Bridging Perspectives: A Survey on Cross-view Collaborative Intelligence with Egocentric-Exocentric Vision
- URL: http://arxiv.org/abs/2506.06253v1
- Date: Fri, 06 Jun 2025 17:25:48 GMT
- Title: Bridging Perspectives: A Survey on Cross-view Collaborative Intelligence with Egocentric-Exocentric Vision
- Authors: Yuping He, Yifei Huang, Guo Chen, Lidong Lu, Baoqi Pei, Jilan Xu, Tong Lu, Yoichi Sato,
- Abstract summary: Perceiving the world from both egocentric (first-person) and exocentric (third-person) perspectives is fundamental to human cognition.<n>In this survey, we provide a review of video understanding from both exocentric and egocentric viewpoints.

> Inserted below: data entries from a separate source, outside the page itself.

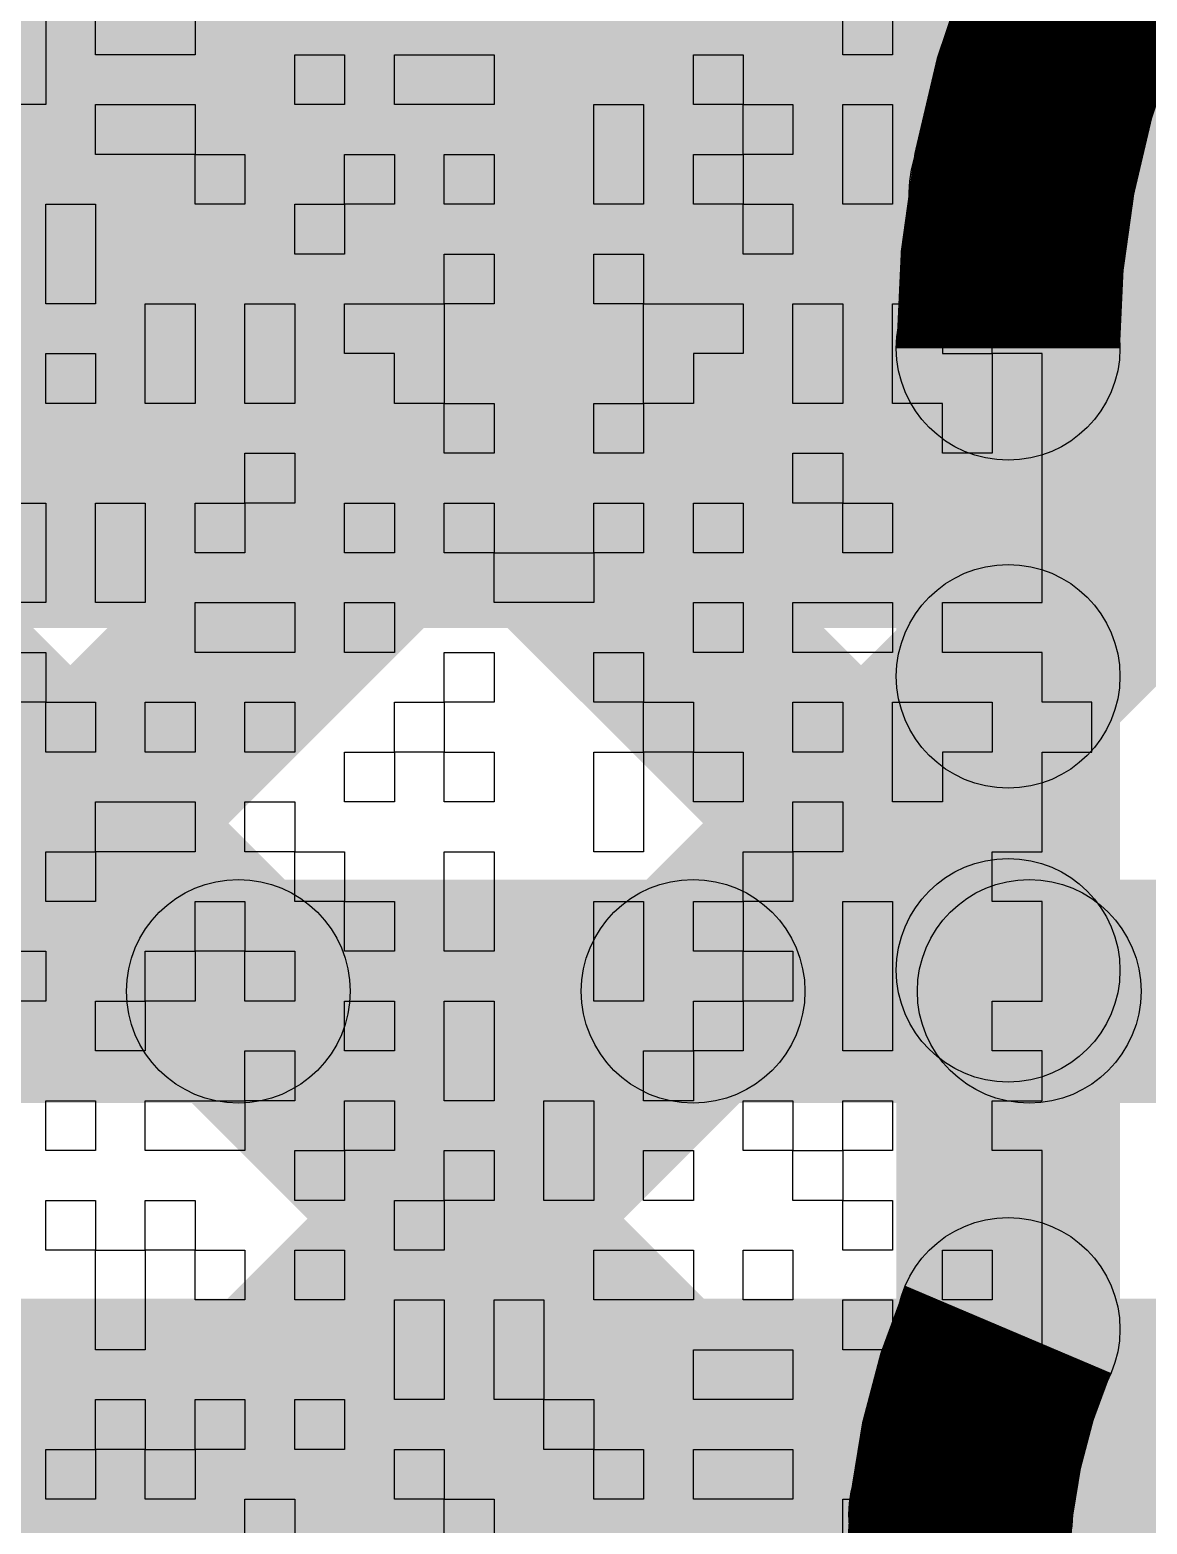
# Model space of a CAD drawing. Header units: millimetres. Extents: x 3.07 to 5.81, y 1.29 to 3.84.
# Drawn here: x 5.019 to 5.059, y 2.5629 to 2.6164 of the extents above; entities that cross this region are included whole.
import ezdxf

# ---------------------------------------------------------------- set-up
doc = ezdxf.new("R2010")
doc.units = ezdxf.units.MM
doc.header["$MEASUREMENT"] = 0
for name, color, linetype in [('BottomLayer', 5, 'Continuous'), ('BottomOverlay', 54, 'Continuous'), ('TopLayer', 1, 'Continuous')]:
    doc.layers.add(name, color=color, linetype=linetype)

msp = doc.modelspace()

# ---------------------------------------------------------------- hatches: boundary and pattern name
at = {"layer": 'BottomLayer'}
for points in [[(4.727172, 2.93221), (4.732828, 2.937866), (5.057289, 2.613406), (5.051632, 2.607749)], [(4.727172, 2.903925), (4.732828, 2.909582), (5.056828, 2.585582), (5.051172, 2.579925)], [(4.727172, 2.875641), (4.732828, 2.881298), (5.055656, 2.558471), (5.049999, 2.552814)], [(4.732828, 2.323008), (4.727172, 2.328665), (5.263335, 2.864828), (5.268992, 2.859172)], [(4.732828, 2.294724), (4.727172, 2.30038), (5.29162, 2.864828), (5.297276, 2.859172)], [(4.727172, 2.847357), (4.732828, 2.853014), (5.602074, 1.983768), (5.596417, 1.978111)], [(5.058, 2.569907), (5.05, 2.569907), (5.05, 2.605), (5.058, 2.605)], [(4.732828, 2.266439), (4.727172, 2.272096), (5.051172, 2.596096), (5.056828, 2.590439)], [(4.732828, 2.238155), (4.727172, 2.243812), (5.049476, 2.566116), (5.055132, 2.560459)]]:
    msp.add_hatch(color=5, dxfattribs=at).paths.add_polyline_path(points)
h = msp.add_hatch(color=5, dxfattribs=at)
edge = h.paths.add_edge_path()
edge.add_arc((5.054461, 2.610577), 0.004, 0, 360)
h = msp.add_hatch(color=5, dxfattribs=at)
edge = h.paths.add_edge_path()
edge.add_arc((5.054, 2.605), 0.004, 0, 360)
h = msp.add_hatch(color=5, dxfattribs=at)
edge = h.paths.add_edge_path()
edge.add_arc((5.054, 2.605), 0.004, 0, 360)
h = msp.add_hatch(color=5, dxfattribs=at)
edge = h.paths.add_edge_path()
edge.add_arc((5.054, 2.593268), 0.004, 0, 360)
h = msp.add_hatch(color=5, dxfattribs=at)
edge = h.paths.add_edge_path()
edge.add_arc((5.054, 2.582754), 0.004, 0, 360)
h = msp.add_hatch(color=5, dxfattribs=at)
edge = h.paths.add_edge_path()
edge.add_arc((5.054, 2.569907), 0.004, 0, 360)
h = msp.add_hatch(color=5, dxfattribs=at)
edge = h.paths.add_edge_path()
edge.add_arc((5.054, 2.569907), 0.004, 0, 360)
h = msp.add_hatch(color=5, dxfattribs=at)
edge = h.paths.add_edge_path()
edge.add_arc((5.052304, 2.563287), 0.004, 0, 360)
at = {"layer": 'TopLayer'}
for points in [[(4.830926, 2.828455), (4.836583, 2.834112), (5.085321, 2.585374), (5.079664, 2.579717)], [(4.819172, 2.811925), (4.824828, 2.817582), (5.057582, 2.584828), (5.051925, 2.579172)], [(4.819172, 2.783641), (4.824828, 2.789298), (5.029298, 2.584828), (5.023641, 2.579172)], [(4.988992, 2.579172), (4.983335, 2.584828), (5.171595, 2.773088), (5.177252, 2.767431)], [(5.017276, 2.579172), (5.01162, 2.584828), (5.199879, 2.773088), (5.205536, 2.767431)], [(5.045561, 2.579172), (5.039904, 2.584828), (5.124802, 2.669726), (5.130458, 2.664069)], [(4.973, 2.595), (5.195, 2.595), (5.195, 2.634), (4.973, 2.634)], [(4.627286, 2.578), (4.627286, 2.586), (5.066093, 2.586), (5.066093, 2.578)], [(4.627286, 2.551), (4.627286, 2.571), (5.075, 2.571), (5.075, 2.551)]]:
    msp.add_hatch(color=1, dxfattribs=at).paths.add_polyline_path(points)
h = msp.add_hatch(color=1, dxfattribs=at)
edge = h.paths.add_edge_path()
edge.add_arc((5.026469, 2.582), 0.004, 0, 360)
h = msp.add_hatch(color=1, dxfattribs=at)
edge = h.paths.add_edge_path()
edge.add_arc((5.042732, 2.582), 0.004, 0, 360)
h = msp.add_hatch(color=1, dxfattribs=at)
edge = h.paths.add_edge_path()
edge.add_arc((5.054754, 2.582), 0.004, 0, 360)

# ---------------------------------------------------------------- linework, layer by layer
at = {"layer": 'BottomLayer', "const_width": 0.008}
for points in [[(5.054, 2.605, -0.414214), (5.088, 2.639)], [(5.097811, 2.561, -1.223773), (5.054, 2.569907)]]:
    msp.add_lwpolyline(points, format="xyb", dxfattribs=at)
at = {"layer": 'BottomLayer'}
for centre in [(5.054461, 2.610577), (5.054, 2.605), (5.054, 2.605), (5.054, 2.593268), (5.054, 2.582754), (5.054, 2.569907), (5.054, 2.569907), (5.052304, 2.563287)]:
    msp.add_circle(centre, 0.004, dxfattribs=at)
at = {"layer": 'BottomOverlay'}
for p, q in [((5.019579, 2.617284), (5.019579, 2.615502)), ((5.021361, 2.615502), (5.021361, 2.617284)), ((5.024924, 2.617284), (5.024924, 2.615502)), ((5.048087, 2.615502), (5.048087, 2.617284)), ((5.049868, 2.617284), (5.049868, 2.615502)), ((5.055213, 2.615502), (5.055213, 2.617284)), ((5.019579, 2.615502), (5.019579, 2.61372)), ((5.024924, 2.615502), (5.021361, 2.615502)), ((5.028487, 2.61372), (5.028487, 2.615502)), ((5.028487, 2.615502), (5.030269, 2.615502)), ((5.030269, 2.615502), (5.030269, 2.61372)), ((5.032051, 2.61372), (5.032051, 2.615502)), ((5.032051, 2.615502), (5.035614, 2.615502)), ((5.035614, 2.615502), (5.035614, 2.61372)), ((5.042741, 2.61372), (5.042741, 2.615502)), ((5.042741, 2.615502), (5.044523, 2.615502)), ((5.044523, 2.615502), (5.044523, 2.61372)), ((5.049868, 2.615502), (5.048087, 2.615502)), ((5.05165, 2.61372), (5.05165, 2.615502)), ((5.05165, 2.615502), (5.053432, 2.615502)), ((5.053432, 2.615502), (5.053432, 2.61372)), ((5.055213, 2.61372), (5.055213, 2.615502)), ((5.019579, 2.61372), (5.017797, 2.61372)), ((5.021361, 2.611938), (5.021361, 2.61372)), ((5.021361, 2.61372), (5.024924, 2.61372)), ((5.024924, 2.61372), (5.024924, 2.611938)), ((5.030269, 2.61372), (5.028487, 2.61372)), ((5.035614, 2.61372), (5.032051, 2.61372)), ((5.039178, 2.611938), (5.039178, 2.61372)), ((5.039178, 2.61372), (5.04096, 2.61372)), ((5.04096, 2.61372), (5.04096, 2.611938)), ((5.044523, 2.61372), (5.042741, 2.61372)), ((5.044523, 2.611938), (5.044523, 2.61372)), ((5.044523, 2.61372), (5.046305, 2.61372)), ((5.046305, 2.61372), (5.046305, 2.611938)), ((5.048087, 2.611938), (5.048087, 2.61372)), ((5.048087, 2.61372), (5.049868, 2.61372)), ((5.049868, 2.61372), (5.049868, 2.611938)), ((5.053432, 2.61372), (5.05165, 2.61372)), ((5.055213, 2.611938), (5.055213, 2.61372)), ((5.024924, 2.611938), (5.021361, 2.611938)), ((5.024924, 2.610157), (5.024924, 2.611938)), ((5.024924, 2.611938), (5.026706, 2.611938)), ((5.026706, 2.611938), (5.026706, 2.610157)), ((5.030269, 2.610157), (5.030269, 2.611938)), ((5.030269, 2.611938), (5.032051, 2.611938)), ((5.032051, 2.611938), (5.032051, 2.610157)), ((5.033833, 2.610157), (5.033833, 2.611938)), ((5.033833, 2.611938), (5.035614, 2.611938)), ((5.035614, 2.611938), (5.035614, 2.610157)), ((5.039178, 2.610157), (5.039178, 2.611938)), ((5.04096, 2.611938), (5.04096, 2.610157)), ((5.042741, 2.610157), (5.042741, 2.611938)), ((5.042741, 2.611938), (5.044523, 2.611938)), ((5.046305, 2.611938), (5.044523, 2.611938)), ((5.044523, 2.611938), (5.044523, 2.610157)), ((5.048087, 2.610157), (5.048087, 2.611938)), ((5.049868, 2.611938), (5.049868, 2.610157)), ((5.055213, 2.610157), (5.055213, 2.611938)), ((5.019579, 2.608375), (5.019579, 2.610157)), ((5.019579, 2.610157), (5.021361, 2.610157)), ((5.021361, 2.610157), (5.021361, 2.608375)), ((5.026706, 2.610157), (5.024924, 2.610157)), ((5.028487, 2.608375), (5.028487, 2.610157)), ((5.028487, 2.610157), (5.030269, 2.610157)), ((5.032051, 2.610157), (5.030269, 2.610157)), ((5.030269, 2.610157), (5.030269, 2.608375)), ((5.035614, 2.610157), (5.033833, 2.610157)), ((5.04096, 2.610157), (5.039178, 2.610157)), ((5.044523, 2.610157), (5.042741, 2.610157)), ((5.044523, 2.608375), (5.044523, 2.610157)), ((5.044523, 2.610157), (5.046305, 2.610157)), ((5.046305, 2.610157), (5.046305, 2.608375)), ((5.049868, 2.610157), (5.048087, 2.610157)), ((5.055213, 2.608375), (5.055213, 2.610157)), ((5.019579, 2.606593), (5.019579, 2.608375)), ((5.021361, 2.608375), (5.021361, 2.606593)), ((5.030269, 2.608375), (5.028487, 2.608375)), ((5.033833, 2.606593), (5.033833, 2.608375)), ((5.033833, 2.608375), (5.035614, 2.608375)), ((5.035614, 2.608375), (5.035614, 2.606593)), ((5.039178, 2.606593), (5.039178, 2.608375)), ((5.039178, 2.608375), (5.04096, 2.608375)), ((5.04096, 2.608375), (5.04096, 2.606593)), ((5.046305, 2.608375), (5.044523, 2.608375)), ((5.055213, 2.606593), (5.055213, 2.608375)), ((5.021361, 2.606593), (5.019579, 2.606593)), ((5.023142, 2.604811), (5.023142, 2.606593)), ((5.023142, 2.606593), (5.024924, 2.606593)), ((5.024924, 2.606593), (5.024924, 2.604811)), ((5.026706, 2.604811), (5.026706, 2.606593)), ((5.026706, 2.606593), (5.028487, 2.606593)), ((5.028487, 2.606593), (5.028487, 2.604811)), ((5.030269, 2.604811), (5.030269, 2.606593)), ((5.030269, 2.606593), (5.033833, 2.606593)), ((5.035614, 2.606593), (5.033833, 2.606593)), ((5.033833, 2.606593), (5.033833, 2.604811)), ((5.04096, 2.606593), (5.039178, 2.606593)), ((5.04096, 2.604811), (5.04096, 2.606593)), ((5.04096, 2.606593), (5.044523, 2.606593)), ((5.044523, 2.606593), (5.044523, 2.604811)), ((5.046305, 2.604811), (5.046305, 2.606593)), ((5.046305, 2.606593), (5.048087, 2.606593)), ((5.048087, 2.606593), (5.048087, 2.604811)), ((5.049868, 2.604811), (5.049868, 2.606593)), ((5.049868, 2.606593), (5.05165, 2.606593)), ((5.05165, 2.606593), (5.05165, 2.604811)), ((5.053432, 2.604811), (5.053432, 2.606593)), ((5.053432, 2.606593), (5.055213, 2.606593)), ((5.019579, 2.60303), (5.019579, 2.604811)), ((5.019579, 2.604811), (5.021361, 2.604811)), ((5.021361, 2.604811), (5.021361, 2.60303)), ((5.023142, 2.60303), (5.023142, 2.604811)), ((5.024924, 2.604811), (5.024924, 2.60303)), ((5.026706, 2.60303), (5.026706, 2.604811)), ((5.028487, 2.604811), (5.028487, 2.60303)), ((5.032051, 2.604811), (5.030269, 2.604811)), ((5.032051, 2.60303), (5.032051, 2.604811)), ((5.033833, 2.604811), (5.033833, 2.60303)), ((5.04096, 2.60303), (5.04096, 2.604811)), ((5.044523, 2.604811), (5.042741, 2.604811)), ((5.042741, 2.604811), (5.042741, 2.60303)), ((5.046305, 2.60303), (5.046305, 2.604811)), ((5.048087, 2.604811), (5.048087, 2.60303)), ((5.049868, 2.60303), (5.049868, 2.604811)), ((5.05165, 2.604811), (5.053432, 2.604811)), ((5.055213, 2.604811), (5.053432, 2.604811)), ((5.053432, 2.604811), (5.053432, 2.60303)), ((5.055213, 2.60303), (5.055213, 2.604811)), ((5.021361, 2.60303), (5.019579, 2.60303)), ((5.024924, 2.60303), (5.023142, 2.60303)), ((5.028487, 2.60303), (5.026706, 2.60303)), ((5.033833, 2.60303), (5.032051, 2.60303)), ((5.033833, 2.601248), (5.033833, 2.60303)), ((5.033833, 2.60303), (5.035614, 2.60303)), ((5.035614, 2.60303), (5.035614, 2.601248)), ((5.039178, 2.601248), (5.039178, 2.60303)), ((5.039178, 2.60303), (5.04096, 2.60303)), ((5.042741, 2.60303), (5.04096, 2.60303)), ((5.04096, 2.60303), (5.04096, 2.601248)), ((5.048087, 2.60303), (5.046305, 2.60303)), ((5.05165, 2.60303), (5.049868, 2.60303)), ((5.05165, 2.601248), (5.05165, 2.60303)), ((5.053432, 2.60303), (5.053432, 2.601248)), ((5.055213, 2.601248), (5.055213, 2.60303)), ((5.026706, 2.599466), (5.026706, 2.601248)), ((5.026706, 2.601248), (5.028487, 2.601248)), ((5.028487, 2.601248), (5.028487, 2.599466)), ((5.035614, 2.601248), (5.033833, 2.601248)), ((5.04096, 2.601248), (5.039178, 2.601248)), ((5.046305, 2.599466), (5.046305, 2.601248)), ((5.046305, 2.601248), (5.048087, 2.601248)), ((5.048087, 2.601248), (5.048087, 2.599466)), ((5.053432, 2.601248), (5.05165, 2.601248)), ((5.055213, 2.599466), (5.055213, 2.601248)), ((5.017797, 2.599466), (5.019579, 2.599466)), ((5.019579, 2.599466), (5.019579, 2.597684)), ((5.021361, 2.597684), (5.021361, 2.599466)), ((5.021361, 2.599466), (5.023142, 2.599466)), ((5.023142, 2.599466), (5.023142, 2.597684)), ((5.024924, 2.597684), (5.024924, 2.599466)), ((5.024924, 2.599466), (5.026706, 2.599466)), ((5.028487, 2.599466), (5.026706, 2.599466)), ((5.026706, 2.599466), (5.026706, 2.597684)), ((5.030269, 2.597684), (5.030269, 2.599466)), ((5.030269, 2.599466), (5.032051, 2.599466)), ((5.032051, 2.599466), (5.032051, 2.597684)), ((5.033833, 2.597684), (5.033833, 2.599466)), ((5.033833, 2.599466), (5.035614, 2.599466)), ((5.035614, 2.599466), (5.035614, 2.597684)), ((5.039178, 2.597684), (5.039178, 2.599466)), ((5.039178, 2.599466), (5.04096, 2.599466)), ((5.04096, 2.599466), (5.04096, 2.597684)), ((5.042741, 2.597684), (5.042741, 2.599466)), ((5.042741, 2.599466), (5.044523, 2.599466)), ((5.044523, 2.599466), (5.044523, 2.597684)), ((5.048087, 2.599466), (5.046305, 2.599466)), ((5.048087, 2.597684), (5.048087, 2.599466)), ((5.048087, 2.599466), (5.049868, 2.599466)), ((5.049868, 2.599466), (5.049868, 2.597684)), ((5.055213, 2.597684), (5.055213, 2.599466)), ((5.019579, 2.597684), (5.019579, 2.595903)), ((5.021361, 2.595903), (5.021361, 2.597684)), ((5.023142, 2.597684), (5.023142, 2.595903)), ((5.026706, 2.597684), (5.024924, 2.597684)), ((5.032051, 2.597684), (5.030269, 2.597684)), ((5.035614, 2.597684), (5.033833, 2.597684)), ((5.035614, 2.595903), (5.035614, 2.597684)), ((5.035614, 2.597684), (5.039178, 2.597684)), ((5.04096, 2.597684), (5.039178, 2.597684)), ((5.039178, 2.597684), (5.039178, 2.595903)), ((5.044523, 2.597684), (5.042741, 2.597684)), ((5.049868, 2.597684), (5.048087, 2.597684)), ((5.055213, 2.595903), (5.055213, 2.597684)), ((5.019579, 2.595903), (5.017797, 2.595903)), ((5.023142, 2.595903), (5.021361, 2.595903)), ((5.024924, 2.594121), (5.024924, 2.595903)), ((5.024924, 2.595903), (5.028487, 2.595903)), ((5.028487, 2.595903), (5.028487, 2.594121)), ((5.030269, 2.594121), (5.030269, 2.595903)), ((5.030269, 2.595903), (5.032051, 2.595903)), ((5.032051, 2.595903), (5.032051, 2.594121)), ((5.039178, 2.595903), (5.035614, 2.595903)), ((5.042741, 2.594121), (5.042741, 2.595903)), ((5.042741, 2.595903), (5.044523, 2.595903)), ((5.044523, 2.595903), (5.044523, 2.594121)), ((5.046305, 2.594121), (5.046305, 2.595903)), ((5.046305, 2.595903), (5.049868, 2.595903)), ((5.049868, 2.595903), (5.049868, 2.594121)), ((5.05165, 2.594121), (5.05165, 2.595903)), ((5.05165, 2.595903), (5.055213, 2.595903)), ((5.017797, 2.594121), (5.019579, 2.594121)), ((5.019579, 2.594121), (5.019579, 2.592339)), ((5.028487, 2.594121), (5.024924, 2.594121)), ((5.032051, 2.594121), (5.030269, 2.594121)), ((5.033833, 2.592339), (5.033833, 2.594121)), ((5.033833, 2.594121), (5.035614, 2.594121)), ((5.035614, 2.594121), (5.035614, 2.592339)), ((5.039178, 2.592339), (5.039178, 2.594121)), ((5.039178, 2.594121), (5.04096, 2.594121)), ((5.04096, 2.594121), (5.04096, 2.592339)), ((5.044523, 2.594121), (5.042741, 2.594121)), ((5.049868, 2.594121), (5.046305, 2.594121)), ((5.055213, 2.594121), (5.05165, 2.594121)), ((5.055213, 2.592339), (5.055213, 2.594121)), ((5.019579, 2.592339), (5.017797, 2.592339)), ((5.019579, 2.590558), (5.019579, 2.592339)), ((5.019579, 2.592339), (5.021361, 2.592339)), ((5.021361, 2.592339), (5.021361, 2.590558)), ((5.023142, 2.590558), (5.023142, 2.592339)), ((5.023142, 2.592339), (5.024924, 2.592339)), ((5.024924, 2.592339), (5.024924, 2.590558)), ((5.026706, 2.590558), (5.026706, 2.592339)), ((5.026706, 2.592339), (5.028487, 2.592339)), ((5.028487, 2.592339), (5.028487, 2.590558)), ((5.032051, 2.590558), (5.032051, 2.592339)), ((5.032051, 2.592339), (5.033833, 2.592339)), ((5.035614, 2.592339), (5.033833, 2.592339)), ((5.033833, 2.592339), (5.033833, 2.590558)), ((5.04096, 2.592339), (5.039178, 2.592339)), ((5.04096, 2.590558), (5.04096, 2.592339)), ((5.04096, 2.592339), (5.042741, 2.592339)), ((5.042741, 2.592339), (5.042741, 2.590558)), ((5.046305, 2.590558), (5.046305, 2.592339)), ((5.046305, 2.592339), (5.048087, 2.592339)), ((5.048087, 2.592339), (5.048087, 2.590558)), ((5.049868, 2.590558), (5.049868, 2.592339)), ((5.049868, 2.592339), (5.053432, 2.592339)), ((5.053432, 2.592339), (5.053432, 2.590558)), ((5.056995, 2.592339), (5.055213, 2.592339)), ((5.056995, 2.590558), (5.056995, 2.592339)), ((5.021361, 2.590558), (5.019579, 2.590558)), ((5.024924, 2.590558), (5.023142, 2.590558)), ((5.028487, 2.590558), (5.026706, 2.590558)), ((5.030269, 2.588776), (5.030269, 2.590558)), ((5.030269, 2.590558), (5.032051, 2.590558)), ((5.033833, 2.590558), (5.032051, 2.590558)), ((5.032051, 2.590558), (5.032051, 2.588776)), ((5.033833, 2.588776), (5.033833, 2.590558)), ((5.033833, 2.590558), (5.035614, 2.590558)), ((5.035614, 2.590558), (5.035614, 2.588776)), ((5.039178, 2.588776), (5.039178, 2.590558)), ((5.039178, 2.590558), (5.04096, 2.590558)), ((5.042741, 2.590558), (5.04096, 2.590558)), ((5.04096, 2.590558), (5.04096, 2.588776)), ((5.042741, 2.588776), (5.042741, 2.590558)), ((5.042741, 2.590558), (5.044523, 2.590558)), ((5.044523, 2.590558), (5.044523, 2.588776)), ((5.048087, 2.590558), (5.046305, 2.590558)), ((5.049868, 2.588776), (5.049868, 2.590558)), ((5.053432, 2.590558), (5.05165, 2.590558)), ((5.05165, 2.590558), (5.05165, 2.588776)), ((5.055213, 2.588776), (5.055213, 2.590558)), ((5.055213, 2.590558), (5.056995, 2.590558)), ((5.021361, 2.586994), (5.021361, 2.588776)), ((5.021361, 2.588776), (5.024924, 2.588776)), ((5.024924, 2.588776), (5.024924, 2.586994)), ((5.026706, 2.586994), (5.026706, 2.588776)), ((5.026706, 2.588776), (5.028487, 2.588776)), ((5.028487, 2.588776), (5.028487, 2.586994)), ((5.032051, 2.588776), (5.030269, 2.588776)), ((5.035614, 2.588776), (5.033833, 2.588776)), ((5.039178, 2.586994), (5.039178, 2.588776)), ((5.04096, 2.588776), (5.04096, 2.586994)), ((5.044523, 2.588776), (5.042741, 2.588776)), ((5.046305, 2.586994), (5.046305, 2.588776)), ((5.046305, 2.588776), (5.048087, 2.588776)), ((5.048087, 2.588776), (5.048087, 2.586994)), ((5.05165, 2.588776), (5.049868, 2.588776)), ((5.055213, 2.586994), (5.055213, 2.588776)), ((5.019579, 2.585212), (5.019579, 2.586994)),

- Score: 35.766320269860245
- License: http://creativecommons.org/licenses/by/4.0/
- Abstract: Perceiving the world from both egocentric (first-person) and exocentric (third-person) perspectives is fundamental to human cognition, enabling rich and complementary understanding of dynamic environments. In recent years, allowing the machines to leverage the synergistic potential of these dual perspectives has emerged as a compelling research direction in video understanding. In this survey, we provide a comprehensive review of video understanding from both exocentric and egocentric viewpoints. We begin by highlighting the practical applications of integrating egocentric and exocentric techniques, envisioning their potential collaboration across domains. We then identify key research tasks to realize these applications. Next, we systematically organize and review recent advancements into three main research directions: (1) leveraging egocentric data to enhance exocentric understanding, (2) utilizing exocentric data to improve egocentric analysis, and (3) joint learning frameworks that unify both perspectives. For each direction, we analyze a diverse set of tasks and relevant works. Additionally, we discuss benchmark datasets that support research in both perspectives, evaluating their scope, diversity, and applicability. Finally, we discuss limitations in current works and propose promising future research directions. By synthesizing insights from both perspectives, our goal is to inspire advancements in video understanding and artificial intelligence, bringing machines closer to perceiving the world in a human-like manner. A GitHub repo of related works can be found at https://github.com/ayiyayi/Awesome-Egocentric-and-Exocentric-Vision.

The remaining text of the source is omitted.